## What you should do
Only the lines below from the one containing "Drive q1 : PMIOPort" to the one containing "data: l1 input; condition" should be repeated, both included and unchanged.

## Material shown
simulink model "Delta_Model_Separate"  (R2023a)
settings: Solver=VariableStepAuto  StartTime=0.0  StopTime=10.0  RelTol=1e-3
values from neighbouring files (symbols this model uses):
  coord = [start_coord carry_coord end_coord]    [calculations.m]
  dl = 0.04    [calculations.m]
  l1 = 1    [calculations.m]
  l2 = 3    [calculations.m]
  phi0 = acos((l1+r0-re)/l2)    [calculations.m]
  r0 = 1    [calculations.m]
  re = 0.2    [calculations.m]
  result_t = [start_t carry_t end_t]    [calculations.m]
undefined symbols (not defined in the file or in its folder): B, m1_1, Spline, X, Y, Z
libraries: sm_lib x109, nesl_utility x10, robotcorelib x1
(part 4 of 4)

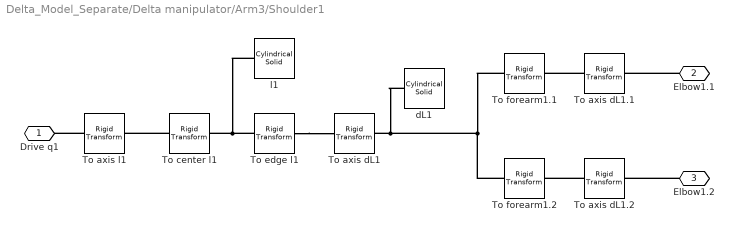
== system Delta_Model_Separate/Delta manipulator/Arm3/Shoulder1 ==
  To axis dL1 : sm_lib/Frames and Transforms/Rigid Transform  TranslationMethod=None  TranslationStandardOffset=0  TranslationStandardOffsetUnits=m  TranslationStandardAxis=+Z  TranslationCartesianOffset=[r0 0 0]  TranslationCartesianOffsetUnits=m  TranslationROffset=0  TranslationROffsetUnits=m  TranslationZOffset=0  TranslationZOffsetUnits=m  TranslationThetaOffset=0  TranslationThetaOffsetUnits=deg  RotationMethod=StandardAxis  RotationAngleUnits=rad  RotationStandardAxis=+Y  RotationAngle=pi/2  RotationArbitraryAxis=[0 0 1]  FollAlignAxisA=+X  BaseAlignAxisA=+Y  FollAlignAxisB=+Y  BaseAlignAxisB=+Z  RotationSequenceAxes=FollowerAxes  RotationSequence=XYX  RotationSequenceAngles=[0 0 0]  RotationSequenceAnglesUnits=deg  RotationMatrix=[1 0 0; 0 1 0; 0 0 1]  Quaternion=[1 0 0 0]
  To axis dL1.1 : sm_lib/Frames and Transforms/Rigid Transform  TranslationMethod=None  TranslationStandardOffset=0  TranslationStandardOffsetUnits=m  TranslationStandardAxis=+Z  TranslationCartesianOffset=[r0 0 0]  TranslationCartesianOffsetUnits=m  TranslationROffset=0  TranslationROffsetUnits=m  TranslationZOffset=0  TranslationZOffsetUnits=m  TranslationThetaOffset=0  TranslationThetaOffsetUnits=deg  RotationMethod=StandardAxis  RotationAngleUnits=rad  RotationStandardAxis=-Y  RotationAngle=pi/2  RotationArbitraryAxis=[0 0 1]  FollAlignAxisA=+X  BaseAlignAxisA=+Y  FollAlignAxisB=+Y  BaseAlignAxisB=+Z  RotationSequenceAxes=FollowerAxes  RotationSequence=XYX  RotationSequenceAngles=[0 0 0]  RotationSequenceAnglesUnits=deg  RotationMatrix=[1 0 0; 0 1 0; 0 0 1]  Quaternion=[1 0 0 0]
  To axis dL1.2 : sm_lib/Frames and Transforms/Rigid Transform  TranslationMethod=None  TranslationStandardOffset=0  TranslationStandardOffsetUnits=m  TranslationStandardAxis=+Z  TranslationCartesianOffset=[r0 0 0]  TranslationCartesianOffsetUnits=m  TranslationROffset=0  TranslationROffsetUnits=m  TranslationZOffset=0  TranslationZOffsetUnits=m  TranslationThetaOffset=0  TranslationThetaOffsetUnits=deg  RotationMethod=StandardAxis  RotationAngleUnits=rad  RotationStandardAxis=-Y  RotationAngle=pi/2  RotationArbitraryAxis=[0 0 1]  FollAlignAxisA=+X  BaseAlignAxisA=+Y  FollAlignAxisB=+Y  BaseAlignAxisB=+Z  RotationSequenceAxes=FollowerAxes  RotationSequence=XYX  RotationSequenceAngles=[0 0 0]  RotationSequenceAnglesUnits=deg  RotationMatrix=[1 0 0; 0 1 0; 0 0 1]  Quaternion=[1 0 0 0]
  To axis l1 : sm_lib/Frames and Transforms/Rigid Transform  TranslationMethod=None  TranslationStandardOffset=0  TranslationStandardOffsetUnits=m  TranslationStandardAxis=+Z  TranslationCartesianOffset=[r0 0 0]  TranslationCartesianOffsetUnits=m  TranslationROffset=0  TranslationROffsetUnits=m  TranslationZOffset=0  TranslationZOffsetUnits=m  TranslationThetaOffset=0  TranslationThetaOffsetUnits=deg  RotationMethod=StandardAxis  RotationAngleUnits=deg  RotationStandardAxis=+Y  RotationAngle=90  RotationArbitraryAxis=[0 0 1]  FollAlignAxisA=+X  BaseAlignAxisA=+Y  FollAlignAxisB=+Y  BaseAlignAxisB=+Z  RotationSequenceAxes=FollowerAxes  RotationSequence=XYX  RotationSequenceAngles=[0 0 0]  RotationSequenceAnglesUnits=deg  RotationMatrix=[1 0 0; 0 1 0; 0 0 1]  Quaternion=[1 0 0 0]
  To center l1 : sm_lib/Frames and Transforms/Rigid Transform  TranslationMethod=Cartesian  TranslationStandardOffset=0  TranslationStandardOffsetUnits=m  TranslationStandardAxis=+Z  TranslationCartesianOffset=[0 0 l1/2]  TranslationCartesianOffsetUnits=m  TranslationROffset=0  TranslationROffsetUnits=m  TranslationZOffset=0  TranslationZOffsetUnits=m  TranslationThetaOffset=0  TranslationThetaOffsetUnits=deg  RotationMethod=None  RotationAngleUnits=deg  RotationStandardAxis=+Y  RotationAngle=90  RotationArbitraryAxis=[0 0 1]  FollAlignAxisA=+X  BaseAlignAxisA=+Y  FollAlignAxisB=+Y  BaseAlignAxisB=+Z  RotationSequenceAxes=FollowerAxes  RotationSequence=XYX  RotationSequenceAngles=[0 0 0]  RotationSequenceAnglesUnits=deg  RotationMatrix=[1 0 0; 0 1 0; 0 0 1]  Quaternion=[1 0 0 0]
  To edge l1 : sm_lib/Frames and Transforms/Rigid Transform  TranslationMethod=Cartesian  TranslationStandardOffset=0  TranslationStandardOffsetUnits=m  TranslationStandardAxis=+Z  TranslationCartesianOffset=[0 0 l1/2]  TranslationCartesianOffsetUnits=m  TranslationROffset=0  TranslationROffsetUnits=m  TranslationZOffset=0  TranslationZOffsetUnits=m  TranslationThetaOffset=0  TranslationThetaOffsetUnits=deg  RotationMethod=None  RotationAngleUnits=deg  RotationStandardAxis=+Y  RotationAngle=90  RotationArbitraryAxis=[0 0 1]  FollAlignAxisA=+X  BaseAlignAxisA=+Y  FollAlignAxisB=+Y  BaseAlignAxisB=+Z  RotationSequenceAxes=FollowerAxes  RotationSequence=XYX  RotationSequenceAngles=[0 0 0]  RotationSequenceAnglesUnits=deg  RotationMatrix=[1 0 0; 0 1 0; 0 0 1]  Quaternion=[1 0 0 0]
  "To forearm1.1 " : sm_lib/Frames and Transforms/Rigid Transform  TranslationMethod=Cartesian  TranslationStandardOffset=0  TranslationStandardOffsetUnits=m  TranslationStandardAxis=+Z  TranslationCartesianOffset=[0 0 dl/2]  TranslationCartesianOffsetUnits=m  TranslationROffset=0  TranslationROffsetUnits=m  TranslationZOffset=0  TranslationZOffsetUnits=m  TranslationThetaOffset=0  TranslationThetaOffsetUnits=deg  RotationMethod=None  RotationAngleUnits=deg  RotationStandardAxis=+Y  RotationAngle=90  RotationArbitraryAxis=[0 0 1]  FollAlignAxisA=+X  BaseAlignAxisA=+Y  FollAlignAxisB=+Y  BaseAlignAxisB=+Z  RotationSequenceAxes=FollowerAxes  RotationSequence=XYX  RotationSequenceAngles=[0 0 0]  RotationSequenceAnglesUnits=deg  RotationMatrix=[1 0 0; 0 1 0; 0 0 1]  Quaternion=[1 0 0 0]
  To forearm1.2 : sm_lib/Frames and Transforms/Rigid Transform  TranslationMethod=Cartesian  TranslationStandardOffset=0  TranslationStandardOffsetUnits=m  TranslationStandardAxis=+Z  TranslationCartesianOffset=[0 0 -dl/2]  TranslationCartesianOffsetUnits=m  TranslationROffset=0  TranslationROffsetUnits=m  TranslationZOffset=0  TranslationZOffsetUnits=m  TranslationThetaOffset=0  TranslationThetaOffsetUnits=deg  RotationMethod=None  RotationAngleUnits=deg  RotationStandardAxis=+Y  RotationAngle=90  RotationArbitraryAxis=[0 0 1]  FollAlignAxisA=+X  BaseAlignAxisA=+Y  FollAlignAxisB=+Y  BaseAlignAxisB=+Z  RotationSequenceAxes=FollowerAxes  RotationSequence=XYX  RotationSequenceAngles=[0 0 0]  RotationSequenceAnglesUnits=deg  RotationMatrix=[1 0 0; 0 1 0; 0 0 1]  Quaternion=[1 0 0 0]
  dL1 : sm_lib/Body Elements/Cylindrical Solid  GraphicAmbientColor=[0.15 0.15 0.15 1.0]  BasedOnType=Density  CenterOfMass=[0 0 0]  CenterOfMassUnits=m  GraphicDiffuseColor=[0.2 0.6 1.0]  CylinderLength=dl  CylinderLengthUnits=m  CylinderRadius=rdl  CylinderRadiusUnits=m  Density=1000  DensityUnits=kg/m^3  DoExposeReferenceFrame=on  GraphicEmissiveColor=[0.0 0.0 0.0 1.0]  ExportEntireGeometry=off  SerializedFrames=<Frames/>  MarkerShape=Sphere  MarkerSize=10  GraphicType=FromGeometry  InertiaType=CalculateFromGeometry  Mass=m1_1  MassUnits=kg  MomentsOfInertia=[1 1 1]  MomentsOfInertiaUnits=kg*m^2  GraphicOpacity=1.0  ProductsOfInertia=[0 0 0]  ProductsOfInertiaUnits=kg*m^2  GraphicShininess=75  GraphicSpecularColor=[0.5 0.5 0.5 1.0]  GraphicVisPropType=SimpleVisualProperties
  l1 : sm_lib/Body Elements/Cylindrical Solid  GraphicAmbientColor=[0.15 0.15 0.15 1.0]  BasedOnType=Density  CenterOfMass=[0 0 0]  CenterOfMassUnits=m  GraphicDiffuseColor=[0.2 0.6 1.0]  CylinderLength=l1  CylinderLengthUnits=m  CylinderRadius=rl1  CylinderRadiusUnits=m  Density=1000  DensityUnits=kg/m^3  DoExposeReferenceFrame=on  GraphicEmissiveColor=[0.0 0.0 0.0 1.0]  ExportEntireGeometry=off  SerializedFrames=<Frames/>  MarkerShape=Sphere  MarkerSize=10  GraphicType=FromGeometry  InertiaType=CalculateFromGeometry  Mass=m1_1  MassUnits=kg  MomentsOfInertia=[1 1 1]  MomentsOfInertiaUnits=kg*m^2  GraphicOpacity=1.0  ProductsOfInertia=[0 0 0]  ProductsOfInertiaUnits=kg*m^2  GraphicShininess=75  GraphicSpecularColor=[0.5 0.5 0.5 1.0]  GraphicVisPropType=SimpleVisualProperties
  Drive q1 : PMIOPort  Side=Left
  Elbow1.1 : PMIOPort  Port=2  Side=Right
  Elbow1.2 : PMIOPort  Port=3  Side=Right
  connections:
  l1/RConn1 -- To edge l1/LConn1 -- To center l1/RConn1
  To center l1/LConn1 -- To axis l1/RConn1
  To axis l1/LConn1 -- Drive q1/RConn1
  "To forearm1.1 "/LConn1 -- dL1/RConn1 -- To axis dL1/RConn1 -- To forearm1.2/LConn1
  To edge l1/RConn1 -- To axis dL1/LConn1
  To axis dL1.1/LConn1 -- "To forearm1.1 "/RConn1
  To axis dL1.2/LConn1 -- To forearm1.2/RConn1
  Elbow1.1/RConn1 -- To axis dL1.1/RConn1
  Elbow1.2/RConn1 -- To axis dL1.2/RConn1

== matlab function Delta_Model_Separate/IKINE/MATLAB Function5 ==
  data: l1 input; condition output; l1 output; l2 output; xei output; yei output; zei output; xp output; yp output; zp output; al output; l2 input; xei input; yei input; zei input; xp input; yp input; zp input; a output; b output; c output; al input
function [condition, l1, l2, xei, yei, zei, xp, yp, zp, al, a, b, c] = condition(l1, l2, xei, yei, zei, xp, yp, zp, al)
a = 2*l2^2*xei^2 + 2*l2^2*xp^2 + 2*l2^2*yei^2 + 2*l2^2*yp^2 + 2*l1^2*zei^2 + 2*l2^2*zei^2 + 2*l1^2*zp^2 + 2*l2^2*zp^2 - 6*xei^2*xp^2 - 2*xei^2*yei^2 - 2*xei^2*yp^2 - 2*xp^2*yei^2 - 2*xp^2*yp^2 - 2*xei^2*zei^2 - 2*xei^2*zp^2 - 2*xp^2*zei^2 - 6*yei^2*yp^2 - 2*xp^2*zp^2 - 2*yei^2*zei^2 - 2*yei^2*zp^2 - 2*yp^2*zei^2 - 2*yp^2*zp^2 - 6*zei^2*zp^2 + 4*xei*xp^3 + 4*xei^3*xp + 4*yei*yp^3 + 4*yei^3*yp + 4*zei*zp^3 + 4*zei^3*zp - l1^4 - l2^4 - xei^4 - xp^4 - yei^4 - yp^4 - zei^4 - zp^4 + 2*l1^2*l2^2 - 4*l2^2*xei*xp - 4*l2^2*yei*yp - 4*l1^2*zei*zp - 4*l2^2*zei*zp + 2*l1^2*xei^2*cos(2*al) + 2*l1^2*xp^2*cos(2*al) - 2*l1^2*yei^2*cos(2*al) - 2*l1^2*yp^2*cos(2*al) + 4*xei*xp*yei^2 + 4*xei*xp*yp^2 + 4*xei*xp*zei^2 + 4*xei^2*yei*yp + 4*xei*xp*zp^2 + 4*xp^2*yei*yp + 4*yei*yp*zei^2 + 4*xei^2*zei*zp + 4*yei*yp*zp^2 + 4*xp^2*zei*zp + 4*yei^2*zei*zp + 4*yp^2*zei*zp - 4*l1^2*xei*xp*cos(2*al) + 4*l1^2*yei*yp*cos(2*al) - 8*xei*xp*yei*yp - 8*xei*xp*zei*zp - 8*yei*yp*zei*zp + 4*l1^2*xei*yei*sin(2*al) - 4*l1^2*xei*yp*sin(2*al) - 4*l1^2*xp*yei*sin(2*al) + 4*l1^2*xp*yp*sin(2*al);
b = xei^2*cos(al)^2 - 2*zei*zp + xp^2*cos(al)^2 + yei^2*sin(al)^2 + yp^2*sin(al)^2 + zei^2 + zp^2 - 2*xei*xp*cos(al)^2 + xei*yei*sin(2*al) - xei*yp*sin(2*al) - xp*yei*sin(2*al) + xp*yp*sin(2*al) - 2*yei*yp*sin(al)^2;
c = xei*cos(al) - xp*cos(al) + yei*sin(al) - yp*sin(al);
condition = a >= 0 & b ~= 0 & c ~= 0;
end

== matlab function Delta_Model_Separate/IKINE/MATLAB Function6 ==
  data: q output; l1 input; l2 input; xei input; yei input; zei input; xp input; yp input; zp input; al input; a input; b input; c input
function q = q(l1, l2, xei, yei, zei, xp, yp, zp, al, a, b, c)
k = 0;
q = zeros(1,4);
q(1) = asin((zp^3*abs(c)*abs(l1) - zei^3*abs(c)*abs(l1) - l1^2*zei*abs(c)*abs(l1) + l2^2*zei*abs(c)*abs(l1) + l1^2*zp*abs(c)*abs(l1) - l2^2*zp*abs(c)*abs(l1) - xei^2*zei*abs(c)*abs(l1) + xei^2*zp*abs(c)*abs(l1) - xp^2*zei*abs(c)*abs(l1) + xp^2*zp*abs(c)*abs(l1) - yei^2*zei*abs(c)*abs(l1) + yei^2*zp*abs(c)*abs(l1) - yp^2*zei*abs(c)*abs(l1) + yp^2*zp*abs(c)*abs(l1) - 3*zei*zp^2*abs(c)*abs(l1) + 3*zei^2*zp*abs(c)*abs(l1) + a^(1/2)*l1*xei^2*cos(al)^2 + a^(1/2)*l1*xp^2*cos(al)^2 + a^(1/2)*l1*yei^2*sin(al)^2 + a^(1/2)*l1*yp^2*sin(al)^2 + 2*xei*xp*zei*abs(c)*abs(l1) - 2*xei*xp*zp*abs(c)*abs(l1) + 2*yei*yp*zei*abs(c)*abs(l1) - 2*yei*yp*zp*abs(c)*abs(l1) - 2*a^(1/2)*l1*xei*xp*cos(al)^2 + a^(1/2)*l1*xei*yei*sin(2*al) - a^(1/2)*l1*xei*yp*sin(2*al) - a^(1/2)*l1*xp*yei*sin(2*al) + a^(1/2)*l1*xp*yp*sin(2*al) - 2*a^(1/2)*l1*yei*yp*sin(al)^2)/(2*b*l1*abs(c)*abs(l1))) + 2*k*pi;
q(2) = 2*k*pi - asin((zei^3*abs(c)*abs(l1) - zp^3*abs(c)*abs(l1) + l1^2*zei*abs(c)*abs(l1) - l2^2*zei*abs(c)*abs(l1) - l1^2*zp*abs(c)*abs(l1) + l2^2*zp*abs(c)*abs(l1) + xei^2*zei*abs(c)*abs(l1) - xei^2*zp*abs(c)*abs(l1) + xp^2*zei*abs(c)*abs(l1) - xp^2*zp*abs(c)*abs(l1) + yei^2*zei*abs(c)*abs(l1) - yei^2*zp*abs(c)*abs(l1) + yp^2*zei*abs(c)*abs(l1) - yp^2*zp*abs(c)*abs(l1) + 3*zei*zp^2*abs(c)*abs(l1) - 3*zei^2*zp*abs(c)*abs(l1) + a^(1/2)*l1*xei^2*cos(al)^2 + a^(1/2)*l1*xp^2*cos(al)^2 + a^(1/2)*l1*yei^2*sin(al)^2 + a^(1/2)*l1*yp^2*sin(al)^2 - 2*xei*xp*zei*abs(c)*abs(l1) + 2*xei*xp*zp*abs(c)*abs(l1) - 2*yei*yp*zei*abs(c)*abs(l1) + 2*yei*yp*zp*abs(c)*abs(l1) - 2*a^(1/2)*l1*xei*xp*cos(al)^2 + a^(1/2)*l1*xei*yei*sin(2*al) - a^(1/2)*l1*xei*yp*sin(2*al) - a^(1/2)*l1*xp*yei*sin(2*al) + a^(1/2)*l1*xp*yp*sin(2*al) - 2*a^(1/2)*l1*yei*yp*sin(al)^2)/(2*b*l1*abs(c)*abs(l1)));
q(3) = pi + asin((zei^3*abs(c)*abs(l1) - zp^3*abs(c)*abs(l1) + l1^2*zei*abs(c)*abs(l1) - l2^2*zei*abs(c)*abs(l1) - l1^2*zp*abs(c)*abs(l1) + l2^2*zp*abs(c)*abs(l1) + xei^2*zei*abs(c)*abs(l1) - xei^2*zp*abs(c)*abs(l1) + xp^2*zei*abs(c)*abs(l1) - xp^2*zp*abs(c)*abs(l1) + yei^2*zei*abs(c)*abs(l1) - yei^2*zp*abs(c)*abs(l1) + yp^2*zei*abs(c)*abs(l1) - yp^2*zp*abs(c)*abs(l1) + 3*zei*zp^2*abs(c)*abs(l1) - 3*zei^2*zp*abs(c)*abs(l1) + a^(1/2)*l1*xei^2*cos(al)^2 + a^(1/2)*l1*xp^2*cos(al)^2 + a^(1/2)*l1*yei^2*sin(al)^2 + a^(1/2)*l1*yp^2*sin(al)^2 - 2*xei*xp*zei*abs(c)*abs(l1) + 2*xei*xp*zp*abs(c)*abs(l1) - 2*yei*yp*zei*abs(c)*abs(l1) + 2*yei*yp*zp*abs(c)*abs(l1) - 2*a^(1/2)*l1*xei*xp*cos(al)^2 + a^(1/2)*l1*xei*yei*sin(2*al) - a^(1/2)*l1*xei*yp*sin(2*al) - a^(1/2)*l1*xp*yei*sin(2*al) + a^(1/2)*l1*xp*yp*sin(2*al) - 2*a^(1/2)*l1*yei*yp*sin(al)^2)/(2*b*l1*abs(c)*abs(l1))) + 2*k*pi;
q(4) = pi - asin((zp^3*abs(c)*abs(l1) - zei^3*abs(c)*abs(l1) - l1^2*zei*abs(c)*abs(l1) + l2^2*zei*abs(c)*abs(l1) + l1^2*zp*abs(c)*abs(l1) - l2^2*zp*abs(c)*abs(l1) - xei^2*zei*abs(c)*abs(l1) + xei^2*zp*abs(c)*abs(l1) - xp^2*zei*abs(c)*abs(l1) + xp^2*zp*abs(c)*abs(l1) - yei^2*zei*abs(c)*abs(l1) + yei^2*zp*abs(c)*abs(l1) - yp^2*zei*abs(c)*abs(l1) + yp^2*zp*abs(c)*abs(l1) - 3*zei*zp^2*abs(c)*abs(l1) + 3*zei^2*zp*abs(c)*abs(l1) + a^(1/2)*l1*xei^2*cos(al)^2 + a^(1/2)*l1*xp^2*cos(al)^2 + a^(1/2)*l1*yei^2*sin(al)^2 + a^(1/2)*l1*yp^2*sin(al)^2 + 2*xei*xp*zei*abs(c)*abs(l1) - 2*xei*xp*zp*abs(c)*abs(l1) + 2*yei*yp*zei*abs(c)*abs(l1) - 2*yei*yp*zp*abs(c)*abs(l1) - 2*a^(1/2)*l1*xei*xp*cos(al)^2 + a^(1/2)*l1*xei*yei*sin(2*al) - a^(1/2)*l1*xei*yp*sin(2*al) - a^(1/2)*l1*xp*yei*sin(2*al) + a^(1/2)*l1*xp*yp*sin(2*al) - 2*a^(1/2)*l1*yei*yp*sin(al)^2)/(2*b*l1*abs(c)*abs(l1))) + 2*k*pi;
end

== matlab function Delta_Model_Separate/IKINE/MATLAB Function7 ==
  data: l1 input; l2 input; q output; xei input; yei input; zei input; xp input; yp input; zp input; al input; a input; b input; c input
function q = q(l1, l2, xei, yei, zei, xp, yp, zp, al, a, b, c)
k = 0;
q = zeros(1,4);
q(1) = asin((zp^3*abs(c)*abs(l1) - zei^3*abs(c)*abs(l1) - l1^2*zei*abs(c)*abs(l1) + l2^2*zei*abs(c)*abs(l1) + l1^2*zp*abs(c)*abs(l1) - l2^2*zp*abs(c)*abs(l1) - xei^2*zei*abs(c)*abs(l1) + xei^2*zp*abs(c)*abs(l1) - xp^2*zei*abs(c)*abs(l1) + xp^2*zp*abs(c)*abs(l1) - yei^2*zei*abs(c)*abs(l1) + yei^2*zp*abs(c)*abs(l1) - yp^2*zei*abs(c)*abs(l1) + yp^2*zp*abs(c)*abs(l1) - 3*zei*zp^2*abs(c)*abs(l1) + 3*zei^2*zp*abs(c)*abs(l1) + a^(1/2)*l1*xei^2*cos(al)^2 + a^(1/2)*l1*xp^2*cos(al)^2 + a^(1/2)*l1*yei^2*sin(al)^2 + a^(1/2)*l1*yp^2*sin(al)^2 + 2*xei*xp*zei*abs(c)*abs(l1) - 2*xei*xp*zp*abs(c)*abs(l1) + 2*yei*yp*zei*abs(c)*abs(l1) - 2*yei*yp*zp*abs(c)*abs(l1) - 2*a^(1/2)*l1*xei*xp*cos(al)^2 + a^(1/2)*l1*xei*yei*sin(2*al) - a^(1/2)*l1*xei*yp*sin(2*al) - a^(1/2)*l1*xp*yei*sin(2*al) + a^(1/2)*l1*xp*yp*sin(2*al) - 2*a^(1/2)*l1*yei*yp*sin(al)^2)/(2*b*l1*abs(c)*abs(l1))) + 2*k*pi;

## Finished exercise
  Drive q1 : PMIOPort  Side=Left
  Elbow1.1 : PMIOPort  Port=2  Side=Right
  Elbow1.2 : PMIOPort  Port=3  Side=Right
  connections:
  l1/RConn1 -- To edge l1/LConn1 -- To center l1/RConn1
  To center l1/LConn1 -- To axis l1/RConn1
  To axis l1/LConn1 -- Drive q1/RConn1
  "To forearm1.1 "/LConn1 -- dL1/RConn1 -- To axis dL1/RConn1 -- To forearm1.2/LConn1
  To edge l1/RConn1 -- To axis dL1/LConn1
  To axis dL1.1/LConn1 -- "To forearm1.1 "/RConn1
  To axis dL1.2/LConn1 -- To forearm1.2/RConn1
  Elbow1.1/RConn1 -- To axis dL1.1/RConn1
  Elbow1.2/RConn1 -- To axis dL1.2/RConn1

== matlab function Delta_Model_Separate/IKINE/MATLAB Function5 ==
  data: l1 input; condition output; l1 output; l2 output; xei output; yei output; zei output; xp output; yp output; zp output; al output; l2 input; xei input; yei input; zei input; xp input; yp input; zp input; a output; b output; c output; al input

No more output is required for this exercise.